___ SOURCE DATA

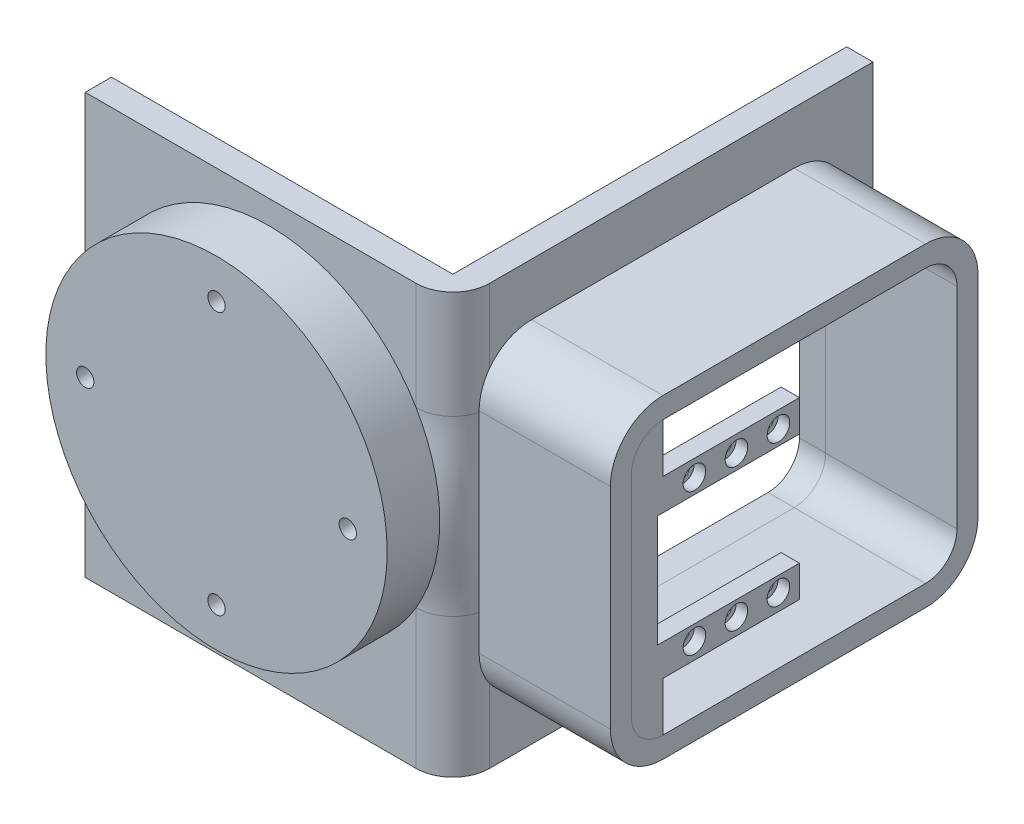
SolidWorks part; units mm, degrees
ref_plane "Front Plane" through (0, 0, 0) normal (0, 0, 1) x (1, 0, 0)
ref_plane "Top Plane" through (0, 0, 0) normal (0, 1, 0) x (1, 0, 0)
ref_plane "Right Plane" through (0, 0, 0) normal (1, 0, 0) x (0, 0, -1)
sketch "Sketch1" plane through (0, 0, 0) normal (0, 0, 1) x (1, 0, 0)
  circle A5 centre (0, 0) radius 32.5
  dimension "D1" = 65
extrude "Boss-Extrude1" add sketch "Sketch1" against normal blind 10
ref_plane "Plane1" through (60, 0, 0) normal (1, 0, 0) x (0, 0, -1)
ref_plane "Plane2" through (60, 0, 0) normal (1, 0, 0) x (0, 0, -1)
sketch "Sketch10" plane through (0, 0, -10) normal (0, 0, -1) x (-1, 0, 0)
  line L0 (0, -3) -> (0, 0) construction
  line L1 (-35, -43) -> (35, -43)
  line L2 (-35, -43) -> (-35, 37)
  line L3 (-35, 37) -> (35, 37)
  line L4 (35, -43) -> (35, 37)
  line L5 (-35, -43) -> (35, 37) construction
  line L6 (-35, 37) -> (35, -43) construction
  point P0 (0, -3)
  dimension "D3" = 3
  dimension "D1" = 80
  dimension "D2" = 70
extrude "Boss-Extrude6" add sketch "Sketch10" along normal blind 80
sketch "Sketch2" plane through (60, 0, 0) normal (1, 0, 0) x (0, 0, -1)
  line L2 (0, -3) -> (146.6861, -3) construction
  line L3 (50, -3) -> (50, 30) construction
  line L5 (10, 37) -> (10, -43) construction
  line L6 (90, 37) -> (90, -43) construction
  line L7 (25, -33) -> (75, -33)
  line L8 (15, -23) -> (15, 17)
  line L9 (25, 27) -> (75, 27)
  line L10 (85, -23) -> (85, 17)
  line L11 (15, -33) -> (85, 27) construction
  line L12 (15, 27) -> (85, -33) construction
  arc A1 (25, -33) -> (15, -23) centre (25, -23) cw
  arc A2 (75, -33) -> (85, -23) centre (75, -23) ccw
  arc A3 (75, 27) -> (85, 17) centre (75, 17) cw
  arc A4 (15, 17) -> (25, 27) centre (25, 17) cw
  point P0 (90, -3)
  dimension "D1" = 70
  dimension "D3" = 10
  dimension "D2" = 60
extrude "Boss-Extrude2" add sketch "Sketch2" against normal up to surface (25 mm away) separate body up to face at (35, -3, -50)
sketch "Sketch11" plane through (0, 37, 0) normal (0, 1, 0) x (1, 0, 0)
  line L1 (-35, 90) -> (30, 90)
  line L2 (-35, 90) -> (-35, 15)
  line L3 (-35, 15) -> (30, 15)
  line L4 (30, 90) -> (30, 15)
  dimension "D1" = 75
  dimension "D2" = 65
extrude "Cut-Extrude5" cut sketch "Sketch11" against normal through all
sketch "Sketch4" plane through (35, 0, 0) normal (-1, 0, 0) x (0, 0, 1)
  line L8 (-75, -29) -> (-25, -29)
  line L9 (-81, 17) -> (-81, -23)
  line L10 (-25, 23) -> (-75, 23)
  line L11 (-19, -23) -> (-19, 17)
  line L12 (-75, -29) -> (-25, -29)
  line L13 (-81, 17) -> (-81, -23)
  line L14 (-25, 23) -> (-75, 23)
  line L15 (-19, -23) -> (-19, 17)
  arc A10 (-81, -23) -> (-75, -29) centre (-75, -23) ccw
  arc A11 (-75, 23) -> (-81, 17) centre (-75, 17) ccw
  arc A12 (-19, 17) -> (-25, 23) centre (-25, 17) ccw
  arc A13 (-25, -29) -> (-19, -23) centre (-25, -23) ccw
  arc A14 (-81, -23) -> (-75, -29) centre (-75, -23) ccw
  arc A15 (-75, 23) -> (-81, 17) centre (-75, 17) ccw
  arc A16 (-19, 17) -> (-25, 23) centre (-25, 17) ccw
  arc A17 (-25, -29) -> (-19, -23) centre (-25, -23) ccw
  dimension "D1" = 4
extrude "Cut-Extrude2" cut sketch "Sketch4" against normal through all contours L12 A17 L15 A16 L14 A15 L13 A14 region at (35, -3, -50)
sketch "Sketch5" plane through (60, 0, 0) normal (1, 0, 0) x (0, 0, -1)
  line L0 (54, -3) -> (19, -3) construction
  line L1 (51, 13.65) -> (51, 7.65)
  line L2 (51, 7.65) -> (24, 7.65)
  line L3 (24, 7.65) -> (24, -13.65)
  line L4 (24, -13.65) -> (51, -13.65)
  line L5 (51, -13.65) -> (51, -19.65)
  line L6 (51, -19.65) -> (25, -19.65)
  line L8 (51, 13.65) -> (25, 13.65)
  line L10 (54, -3) -> (54, -16.5) construction
  line L11 (54, -16.5) -> (47, -16.5) construction
  line L12 (47, -16.5) -> (39, -16.5) construction
  line L13 (39, -16.5) -> (31, -16.5) construction
  line L15 (19, 17) -> (19, -23)
  line L16 (25, 13.65) -> (25, 23)
  line L17 (25, -19.65) -> (25, -29)
  line L18 (19, -23) -> (19, 17) construction
  circle A0 centre (54, -3) radius 11 construction
  arc A1 (25, 23) -> (19, 17) centre (25, 17) ccw construction
  circle A2 centre (47, -16.5) radius 1.25
  arc A3 (25, 23) -> (19, 17) centre (25, 17) ccw
  circle A5 centre (39, -16.5) radius 1.25
  circle A6 centre (31, -16.5) radius 1.25
  circle A7 centre (47, 10.5) radius 1.25
  circle A8 centre (39, 10.5) radius 1.25
  circle A9 centre (31, 10.5) radius 1.25
  arc A10 (19, -23) -> (25, -29) centre (25, -23) ccw
  point P8 (24, -3)
  point P17 (0, 0)
  point P19 (0, 0)
  point P31 (50, 31)
  point P36 (44, 25)
  point P44 (44, -20.7232)
  point P45 (44, -25)
  point P46 (50.2808, 16.65)
  point P47 (0, 0)
  point P48 (44, 0)
  point P49 (50.2808, 17.5458)
  point P50 (0, 0)
  point P51 (50, -31)
  point P53 (67.5313, 13.5)
  dimension "D1" = 22
  dimension "D6" = 2.5
  dimension "D3" = 21.3
  dimension "D4" = 13.5
  dimension "D5" = 7
  dimension "D7" = 8
  dimension "D8" = 8
  dimension "D9" = 6
  dimension "D10" = 5
  dimension "D12" = 3
  dimension "D2" = 30
extrude "Boss-Extrude3" add sketch "Sketch5" against normal blind 3.5
sketch "Sketch13" plane through (35, 0, 0) normal (1, 0, 0) x (0, 0, -1)
  line L4 (19, 17) -> (19, -23)
  line L5 (25, -29) -> (75, -29)
  line L6 (81, -23) -> (81, 17)
  line L7 (75, 23) -> (25, 23)
  line L8 (19, 17) -> (19, -23)
  line L9 (25, -29) -> (75, -29)
  line L10 (81, -23) -> (81, 17)
  line L11 (75, 23) -> (25, 23)
  arc A6 (25, 23) -> (19, 17) centre (25, 17) ccw
  arc A7 (19, -23) -> (25, -29) centre (25, -23) ccw
  arc A8 (75, -29) -> (81, -23) centre (75, -23) ccw
  arc A9 (81, 17) -> (75, 23) centre (75, 17) ccw
  arc A10 (25, 23) -> (19, 17) centre (25, 17) ccw
  arc A11 (19, -23) -> (25, -29) centre (25, -23) ccw
  arc A12 (75, -29) -> (81, -23) centre (75, -23) ccw
  arc A13 (81, 17) -> (75, 23) centre (75, 17) ccw
  dimension "D1" = 0
extrude "Cut-Extrude6" cut sketch "Sketch13" against normal up to surface (5 mm away) up to face at (30, -3, -52.5)
sketch "Sketch14" plane through (0, 0, 0) normal (0, 0, 1) x (1, 0, 0)
  circle A2 centre (0, 0) radius 28.5
  circle A3 centre (0, 0) radius 28.5
  dimension "D1" = 4
sketch "Sketch16" plane through (60, 0, 0) normal (1, 0, 0) x (0, 0, -1)
  circle A0 centre (47, -16.5) radius 2.15
  circle A1 centre (39, -16.5) radius 2.15
  circle A2 centre (31, -16.5) radius 2.15
  circle A3 centre (31, 10.5) radius 2.15
  circle A4 centre (39, 10.5) radius 2.15
  circle A5 centre (47, 10.5) radius 2.15
  dimension "D1" = 4.3
extrude "Cut-Extrude8" cut sketch "Sketch16" against normal blind 2.2
fillet "Fillet1" radius 7 1 edges at (35, -3, -10)
fillet "Fillet2" [suppressed] radius 10
sketch "Sketch17" plane through (0, 0, -15) normal (0, 0, -1) x (-1, 0, 0)
  line L0 (-25, 0) -> (0, 0) construction
  line L1 (0, 25) -> (0, 0) construction
  line L2 (25, 0) -> (0, 0) construction
  line L3 (0, -25) -> (0, 0) construction
  circle A0 centre (-25, 0) radius 1.65
  circle A1 centre (0, 25) radius 1.65
  circle A2 centre (25, 0) radius 1.65
  circle A3 centre (0, -25) radius 1.65
  point P10 (0, 0)
  point P17 (0, 0)
  dimension "D4" = 3.3
  dimension "D3" = 25
  dimension "D1" = 4
  dimension "D2" = 4
extrude "Cut-Extrude9" cut sketch "Sketch17" against normal through all

______

WHAT YOU WILL DO: Print exactly the lines from the first line of the records above through the line containing "normal blind 80", leaving out the pictures.

WRITTEN REPLY:
SolidWorks part; units mm, degrees
ref_plane "Front Plane" through (0, 0, 0) normal (0, 0, 1) x (1, 0, 0)
ref_plane "Top Plane" through (0, 0, 0) normal (0, 1, 0) x (1, 0, 0)
ref_plane "Right Plane" through (0, 0, 0) normal (1, 0, 0) x (0, 0, -1)
sketch "Sketch1" plane through (0, 0, 0) normal (0, 0, 1) x (1, 0, 0)
  circle A5 centre (0, 0) radius 32.5
  dimension "D1" = 65
extrude "Boss-Extrude1" add sketch "Sketch1" against normal blind 10
ref_plane "Plane1" through (60, 0, 0) normal (1, 0, 0) x (0, 0, -1)
ref_plane "Plane2" through (60, 0, 0) normal (1, 0, 0) x (0, 0, -1)
sketch "Sketch10" plane through (0, 0, -10) normal (0, 0, -1) x (-1, 0, 0)
  line L0 (0, -3) -> (0, 0) construction
  line L1 (-35, -43) -> (35, -43)
  line L2 (-35, -43) -> (-35, 37)
  line L3 (-35, 37) -> (35, 37)
  line L4 (35, -43) -> (35, 37)
  line L5 (-35, -43) -> (35, 37) construction
  line L6 (-35, 37) -> (35, -43) construction
  point P0 (0, -3)
  dimension "D3" = 3
  dimension "D1" = 80
  dimension "D2" = 70
extrude "Boss-Extrude6" add sketch "Sketch10" along normal blind 80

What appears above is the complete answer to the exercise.